▸ **WHAT TO PRODUCE**
Restate word for word the lines below that run from the one holding "settings SolverCC: ConsecutiveZCsStepRelTol=2.8421709430404e-13" through the one holding "Vehicle : Subsystem", inclusive. Pictures don't belong in the copy.

[Items from a dataset]
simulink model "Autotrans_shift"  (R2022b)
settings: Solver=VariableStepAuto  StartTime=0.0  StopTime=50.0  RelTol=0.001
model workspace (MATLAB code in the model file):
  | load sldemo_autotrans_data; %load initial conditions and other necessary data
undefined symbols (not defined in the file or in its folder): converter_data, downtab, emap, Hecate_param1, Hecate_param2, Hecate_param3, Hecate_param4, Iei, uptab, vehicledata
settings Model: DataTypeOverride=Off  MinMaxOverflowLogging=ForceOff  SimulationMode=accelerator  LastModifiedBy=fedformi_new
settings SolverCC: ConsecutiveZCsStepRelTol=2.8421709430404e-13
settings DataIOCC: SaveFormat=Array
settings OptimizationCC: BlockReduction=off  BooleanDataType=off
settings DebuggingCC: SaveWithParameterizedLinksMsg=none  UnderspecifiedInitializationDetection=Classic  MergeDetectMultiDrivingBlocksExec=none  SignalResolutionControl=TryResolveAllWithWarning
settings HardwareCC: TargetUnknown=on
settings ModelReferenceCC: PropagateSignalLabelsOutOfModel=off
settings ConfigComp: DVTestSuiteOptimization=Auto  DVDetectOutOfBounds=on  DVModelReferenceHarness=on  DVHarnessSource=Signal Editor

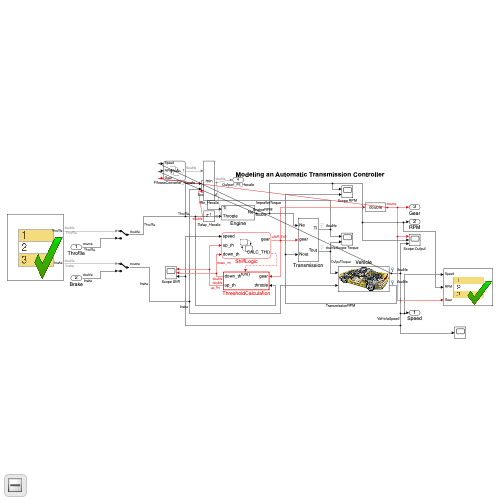
[thumbnail: Simulink's stored preview of the top-level diagram]
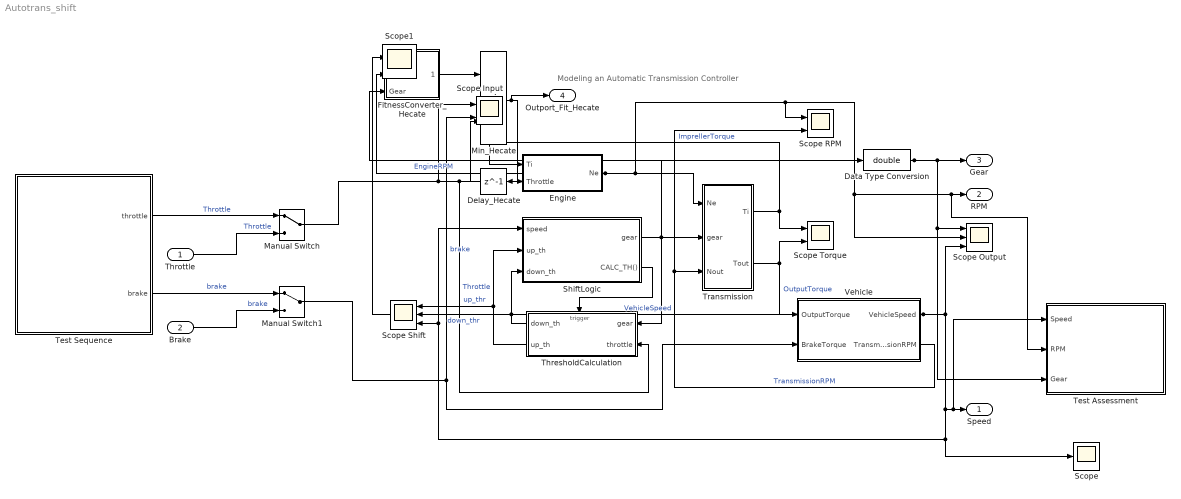
== system Autotrans_shift ==
  note: Modeling an Automatic Transmission Controller
  Throttle : Inport  Interpolate=off
  Brake : Inport  Port=2  Interpolate=off
  Data Type Conversion : DataTypeConversion  OutDataTypeStr=double  SaturateOnIntegerOverflow=off  RndMeth=Floor
  Delay_Hecate : Delay  DelayLength=1  InitialCondition=Inf
  Engine : Subsystem
  FitnessConverter_Hecate : Stateflow chart  TreatAsAtomicUnit=on
  Manual Switch : ManualSwitch
  Manual Switch1 : ManualSwitch
  Min_Hecate : MinMax  Inputs=2
  Scope : Scope
  Scope Input : Scope  NumInputPorts=2
  Scope Output : Scope  NumInputPorts=3
  Scope RPM : Scope  NumInputPorts=2
  Scope Shift : Scope  NumInputPorts=3
  Scope Torque : Scope  NumInputPorts=2
  ShiftLogic : Stateflow chart  TreatAsAtomicUnit=on
  Test Assessment : Test Sequence  TreatAsAtomicUnit=on
  Test Sequence : Test Sequence  TreatAsAtomicUnit=on
  ThresholdCalculation : Subsystem  TreatAsAtomicUnit=on
  Transmission : Subsystem
  Vehicle : Subsystem  mask(vehicle model){Rfd=vehicledata(1), rload0=vehicledata(2), rload2=vehicledata(3), Rw=vehicledata(4), Iv=vehicledata(5), N20=vehicledata(6)/vehicledata(4)*vehicledata(1)}
      mask prompts: Rfd "final drive ratio"; rload0 "drag friction at wheels"; rload2 "aerodynamic drag"; Rw "wheel radius"; Iv "vehicle inertia"; N20 "initial transmission output speed"
      mask help: vehicle dynamics: torque input from trans., outputs are input speed (transmission output) and vehicle speed
      mask Display: image(imread([matlabroot,'/toolbox/simulink/simdemos/automotive/html/NSX_3Colors.jpg']))
  Speed : Outport  VectorParamsAs1DForOutWhenUnconnected=off
  RPM : Outport  Port=2  VectorParamsAs1DForOutWhenUnconnected=off
  Gear : Outport  Port=3  VectorParamsAs1DForOutWhenUnconnected=off
  Outport_Fit_Hecate : Outport  Port=4
  Scope1 : Scope
  wires:
  Transmission/1(Ti) -> Engine/1(Ti), Scope Torque/1  "ImprellerTorque"
  Engine/1(Ne) -> Transmission/1(Ne), Scope RPM/1, Test Assessment/2(RPM), RPM/1, Scope Output/2, FitnessConverter_Hecate/2(RPM)  "EngineRPM"
  Vehicle/2(TransmissionRPM) -> Transmission/3(Nout), Scope RPM/2  "TransmissionRPM"
  ThresholdCalculation/1(down_th) -> Scope Shift/2, ShiftLogic/3(down_th)  "down_thr"
  ThresholdCalculation/2(up_th) -> ShiftLogic/2(up_th), Scope Shift/1  "up_thr"
  ShiftLogic/1(gear) -> Transmission/2(gear), ThresholdCalculation/1(gear), Data Type Conversion/1
  ShiftLogic/2(CALC_TH()) -> ThresholdCalculation/Trigger
  Vehicle/1(VehicleSpeed) -> Scope/1, Scope Shift/3, ShiftLogic/1(speed), Test Assessment/1(Speed), Speed/1, Scope Output/3, FitnessConverter_Hecate/1(Speed)  "VehicleSpeed"
  Manual Switch/1 -> Engine/2(Throttle), ThresholdCalculation/2(throttle), Scope Input/1  "Throttle"
  Transmission/2(Tout) -> Vehicle/1(OutputTorque), Scope Torque/2  "OutputTorque"
  Manual Switch1/1 -> Vehicle/2(BrakeTorque), Scope Input/2  "brake"
  Test Sequence/1(throttle) -> Manual Switch/1  "Throttle"
  Test Sequence/2(brake) -> Manual Switch1/1  "brake"
  Data Type Conversion/1 -> Scope Output/1, Test Assessment/3(Gear), Gear/1, FitnessConverter_Hecate/3(Gear)
  Throttle/1 -> Manual Switch/2  "Throttle"
  Brake/1 -> Manual Switch1/2  "brake"
  FitnessConverter_Hecate/1(fitness_1) -> Min_Hecate/1
  Min_Hecate/1 -> Delay_Hecate/1, Outport_Fit_Hecate/1
  Delay_Hecate/1 -> Min_Hecate/2

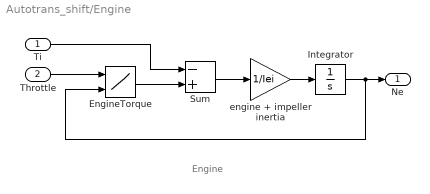
== system Autotrans_shift/Engine ==
  note: Engine
  Ti : Inport
  Throttle : Inport  Port=2
  EngineTorque : Lookup2D  RowIndex=thvec  ColumnIndex=nevec  Table=emap  SaturateOnIntegerOverflow=off
  Integrator : Integrator  InitialCondition=1000  LimitOutput=on  UpperSaturationLimit=6000  LowerSaturationLimit=600  ZeroCross=off
  Sum : Sum  Inputs=-+  InputSameDT=on  SaturateOnIntegerOverflow=on  OutDataTypeStr=Inherit: Same as first input
  engine + impeller inertia : Gain  Gain=1/Iei  SaturateOnIntegerOverflow=on  OutDataTypeStr=Inherit: Same as input  ParamDataTypeStr=Inherit: Same as input
  Ne : Outport  InitialOutput=0  VectorParamsAs1DForOutWhenUnconnected=off
  wires:
  Ti/1 -> Sum/1
  Throttle/1 -> EngineTorque/1
  Integrator/1 -> EngineTorque/2, Ne/1
  Sum/1 -> engine + impeller inertia/1
  engine + impeller inertia/1 -> Integrator/1
  EngineTorque/1 -> Sum/2

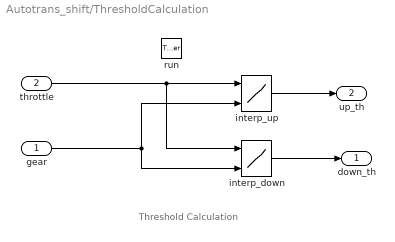
== system Autotrans_shift/ThresholdCalculation ==
  note: Threshold Calculation
  gear : Inport
  throttle : Inport  Port=2
  run : TriggerPort  TriggerType=function-call  VariantControl=(inherit)  ZeroCross=off
  interp_down : Lookup2D  RowIndex=downth  ColumnIndex=[1:4]  Table=downtab  OutDataTypeStr=double  SaturateOnIntegerOverflow=off  InputSameDT=off
      settings: LockScale=on
  interp_up : Lookup2D  RowIndex=upth  ColumnIndex=[1:4]  Table=uptab  OutDataTypeStr=double  SaturateOnIntegerOverflow=off  InputSameDT=off
      settings: LockScale=on
  down_th : Outport  VectorParamsAs1DForOutWhenUnconnected=off
  up_th : Outport  Port=2  VectorParamsAs1DForOutWhenUnconnected=off
  wires:
  interp_up/1 -> up_th/1
  interp_down/1 -> down_th/1
  throttle/1 -> interp_up/1, interp_down/1
  gear/1 -> interp_up/2, interp_down/2

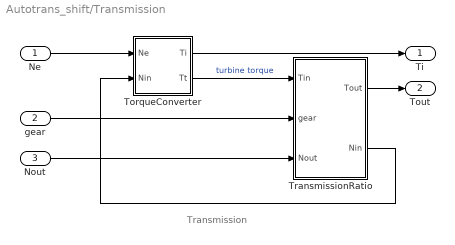
== system Autotrans_shift/Transmission ==
  note: Transmission
  Ne : Inport
  gear : Inport  Port=2
  Nout : Inport  Port=3
  TorqueConverter : Subsystem  mask(torque converter){speedratio=converter_data(:,1), Kfactor=converter_data(:,2), Torkratio=converter_data(:,3)}
      mask prompts: speedratio "speed ratio"; Kfactor "K factor"; Torkratio "torque ratio"
      mask help: torque converter
      mask Help: Torque converter input and output torques are computed as a function of the input and output speeds
      mask Display: plot([cos([90:10:450]*pi/180),.63*cos([90:10:450]*pi/180),.63*cos([90:10:240]*pi/180),cos([240:10:300]*pi/180),.63*cos([300]*pi/180)],[sin([90:10:450]*pi/180),.63*sin([90:10:450]*pi/180)+.1,.63*sin([90:10:240]*pi/180)+.1,sin([240:10:300]*pi/180),.63*sin([300]*pi/180)+.1])
  TransmissionRatio : Subsystem
  Ti : Outport  InitialOutput=0  VectorParamsAs1DForOutWhenUnconnected=off
  Tout : Outport  Port=2  InitialOutput=0  VectorParamsAs1DForOutWhenUnconnected=off
  wires:
  TransmissionRatio/1(Tout) -> Tout/1
  TorqueConverter/1(Ti) -> Ti/1
  Nout/1 -> TransmissionRatio/3(Nout)
  gear/1 -> TransmissionRatio/2(gear)
  Ne/1 -> TorqueConverter/1(Ne)
  TransmissionRatio/2(Nin) -> TorqueConverter/2(Nin)
  TorqueConverter/2(Tt) -> TransmissionRatio/1(Tin)  "turbine torque"

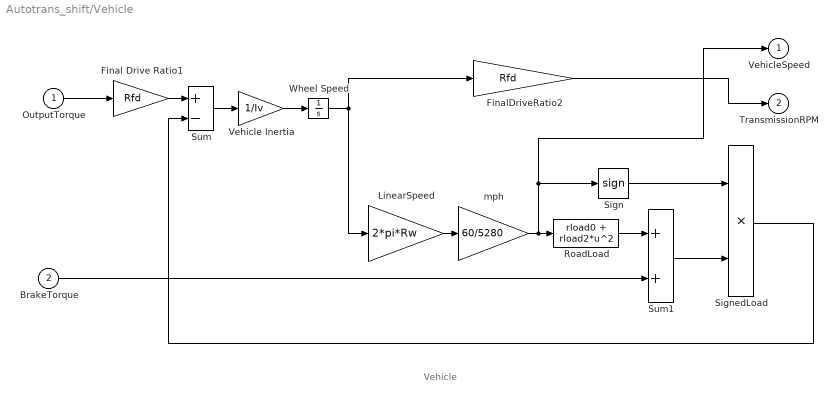
== system Autotrans_shift/Vehicle ==
  note: Vehicle
  OutputTorque : Inport
  BrakeTorque : Inport  Port=2
  Final Drive Ratio1 : Gain  Gain=Rfd  SaturateOnIntegerOverflow=on  OutDataTypeStr=Inherit: Same as input  ParamDataTypeStr=Inherit: Same as input
  FinalDriveRatio2 : Gain  Gain=Rfd  SaturateOnIntegerOverflow=on  OutDataTypeStr=Inherit: Same as input  ParamDataTypeStr=Inherit: Same as input
  LinearSpeed : Gain  Gain=2*pi*Rw  SaturateOnIntegerOverflow=on  OutDataTypeStr=Inherit: Same as input  ParamDataTypeStr=Inherit: Same as input
  RoadLoad : Fcn  Expr=rload0 + rload2*u^2
  Sign : Signum
  SignedLoad : Product  InputSameDT=on  SaturateOnIntegerOverflow=on  OutDataTypeStr=Inherit: Same as first input
  Sum : Sum  Inputs=+-  InputSameDT=on  SaturateOnIntegerOverflow=on  OutDataTypeStr=Inherit: Same as first input
  Sum1 : Sum  InputSameDT=on  SaturateOnIntegerOverflow=on  OutDataTypeStr=Inherit: Same as first input
  Vehicle Inertia : Gain  Gain=1/Iv  SaturateOnIntegerOverflow=on  OutDataTypeStr=Inherit: Same as input  ParamDataTypeStr=Inherit: Same as input
  Wheel Speed : Integrator  InitialCondition=N20/Rfd  ZeroCross=off
  mph : Gain  Gain=60/5280  SaturateOnIntegerOverflow=on  OutDataTypeStr=Inherit: Same as input  ParamDataTypeStr=Inherit: Same as input
  VehicleSpeed : Outport  InitialOutput=0  VectorParamsAs1DForOutWhenUnconnected=off
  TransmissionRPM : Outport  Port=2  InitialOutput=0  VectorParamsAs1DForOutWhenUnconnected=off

▸ **ANSWER FOR THIS EXERCISE**
settings SolverCC: ConsecutiveZCsStepRelTol=2.8421709430404e-13
settings DataIOCC: SaveFormat=Array
settings OptimizationCC: BlockReduction=off  BooleanDataType=off
settings DebuggingCC: SaveWithParameterizedLinksMsg=none  UnderspecifiedInitializationDetection=Classic  MergeDetectMultiDrivingBlocksExec=none  SignalResolutionControl=TryResolveAllWithWarning
settings HardwareCC: TargetUnknown=on
settings ModelReferenceCC: PropagateSignalLabelsOutOfModel=off
settings ConfigComp: DVTestSuiteOptimization=Auto  DVDetectOutOfBounds=on  DVModelReferenceHarness=on  DVHarnessSource=Signal Editor

[thumbnail: Simulink's stored preview of the top-level diagram]
== system Autotrans_shift ==
  note: Modeling an Automatic Transmission Controller
  Throttle : Inport  Interpolate=off
  Brake : Inport  Port=2  Interpolate=off
  Data Type Conversion : DataTypeConversion  OutDataTypeStr=double  SaturateOnIntegerOverflow=off  RndMeth=Floor
  Delay_Hecate : Delay  DelayLength=1  InitialCondition=Inf
  Engine : Subsystem
  FitnessConverter_Hecate : Stateflow chart  TreatAsAtomicUnit=on
  Manual Switch : ManualSwitch
  Manual Switch1 : ManualSwitch
  Min_Hecate : MinMax  Inputs=2
  Scope : Scope
  Scope Input : Scope  NumInputPorts=2
  Scope Output : Scope  NumInputPorts=3
  Scope RPM : Scope  NumInputPorts=2
  Scope Shift : Scope  NumInputPorts=3
  Scope Torque : Scope  NumInputPorts=2
  ShiftLogic : Stateflow chart  TreatAsAtomicUnit=on
  Test Assessment : Test Sequence  TreatAsAtomicUnit=on
  Test Sequence : Test Sequence  TreatAsAtomicUnit=on
  ThresholdCalculation : Subsystem  TreatAsAtomicUnit=on
  Transmission : Subsystem
  Vehicle : Subsystem  mask(vehicle model){Rfd=vehicledata(1), rload0=vehicledata(2), rload2=vehicledata(3), Rw=vehicledata(4), Iv=vehicledata(5), N20=vehicledata(6)/vehicledata(4)*vehicledata(1)}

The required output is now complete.